Entropion is an eye condition where the eyelids roll in towards the eye, causing the fur and lashes to rub onto the surface of the eyeball. It is mostly noticed in dogs under 6 months of age, and causes a lot of pain and irritation to the eyeball. It can affect one or both eyes. This is a genetic condition, and normally affects dogs that have wrinkly skin on their face such as chow chows, pugs and shar-peis, but is not limited to these breeds.


  • Red eyes
  • Rubbing eyes or pawing at eyes
  • Runny eyes
  • Eye ulcers
  • Discharge from eyes
  • Squinting eyes
  • Closing eyes repeatedly


Treatment depends on the severity of the condition. Some dogs have very mild entropion, and can go on to live happy and healthy lives, where the condition may cause an eye infection once or twice a year. Other dogs have very severe entropion and cannot be managed medically. Options including waiting or the puppy to grow up and grow out the condition, if the dog is still affected by 1 years old, the only cure is eyelid surgery. A vet will remove a small wedge of excess tissue from the affected eyelid, to make the eyelid turn outwards again, and stop rubbing on the surface of the eyeball. Surgery is incredibly successful, and will rectify the problem. If dogs are affected in both eyes, surgery can be done on both eyes at the same time.


Panosteitis is a painful inflammation occurring on the surface of the long bones in young, growing dogs. It is sometimes referred to as ‘growing pains’. The most common bone it affects is the humerus (upper forelimb), but may also be found in other parts of the fore and hind limbs. It mainly affects larger breeds, but can affect breeds of any size. Symptoms may start to show from as early as 2 months of age, and continue until 2 years of age. The underlying cause is unknown, however there is thought to be a genetic link. Metabolism, stress, infection, or autoimmune components may also be factors. It is also thought that high protein, high calcium diets may predispose dogs to this condition.

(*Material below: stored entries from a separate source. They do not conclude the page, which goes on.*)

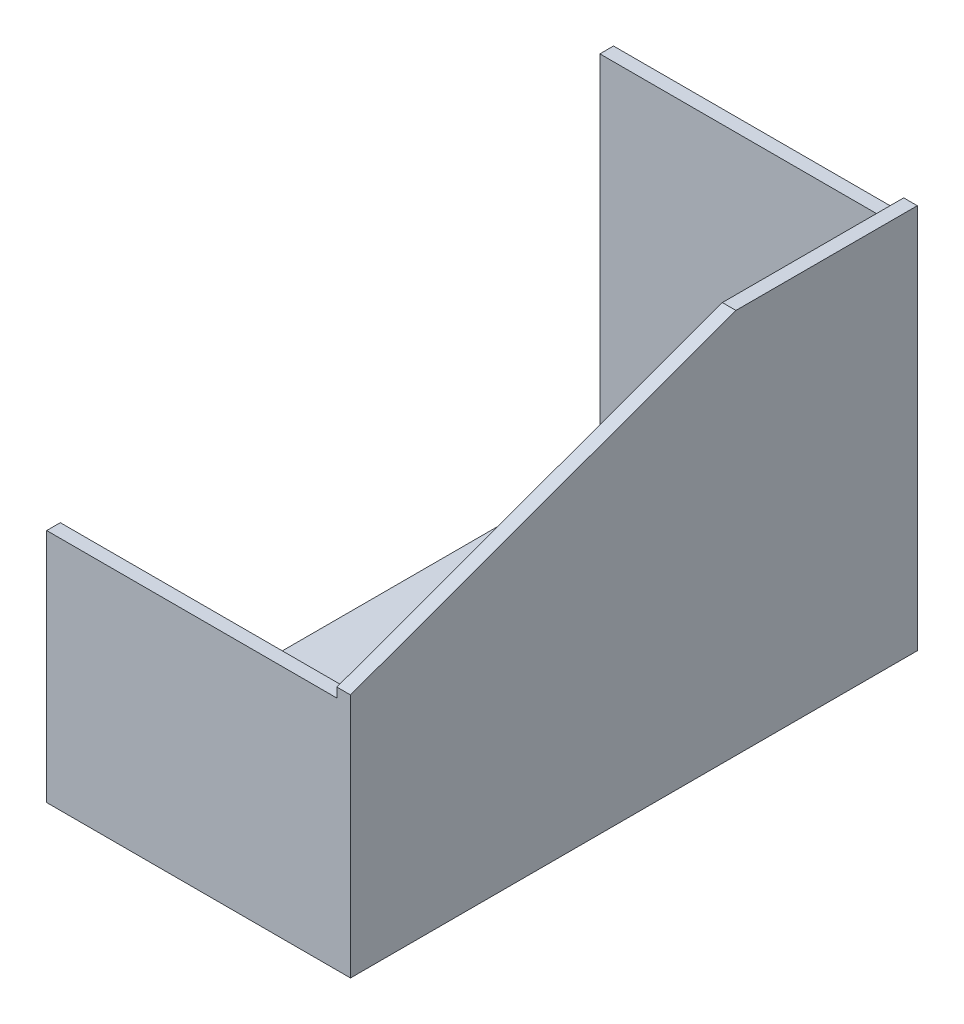
from build123d import *

# Parameters (mm, degrees)
EXTRUDE_1_DEPTH = 32
EXTRUDE_2_DEPTH = 3


with BuildPart() as part:
    # Эскиз18 → Бобышка-Вытянуть1 (new, symmetric)
    with BuildSketch(Plane(origin=(0, 0, 0), x_dir=(0, 0, -1), z_dir=(1, 0, 0))):
        Polygon((53.75, 76), (53.75, -6), (-71.25, -6), (-71.25, 45.961907473), (-68.25, 45.961907473), (-68.25, -3), (50.75, -3), (50.75, 76), align=None)
    extrude(amount=EXTRUDE_1_DEPTH, both=True)

    # Эскиз19 → Бобышка-Вытянуть2 (add)
    with BuildSketch(Plane(origin=(32, 0, 0), x_dir=(0, 0, -1), z_dir=(1, 0, 0))):
        Polygon((-71.25, 48.062530087), (13.75, 79), (53.75, 79), (53.75, -6), (-71.25, -6), align=None)
    extrude(amount=EXTRUDE_2_DEPTH)


solid = part.part

  • Unexplained pain in one or more limbs
  • Shifting lameness
  • Mild to severe lameness
  • Licking the affected limb (licking can be a sign of pain)
  • Guarding the affected area


This condition tends to be self limiting, meaning over time it will resolve itself with some anti-inflammatory pain relief to make your dog feel more comfortable, as flare ups of this condition are incredibly painful. However, your vet may take x-rays under anesthetic to rule out any other injuries especially if pain relief doesn’t help, as there are many other conditions that cause lameness and pain in young dogs. During flare-ups, vigorous off lead exercise should be restricted to prevent more pain, however light exercise is encouraged. This condition should completely resolve when your dog is around 18-24 months of age (or fully grown).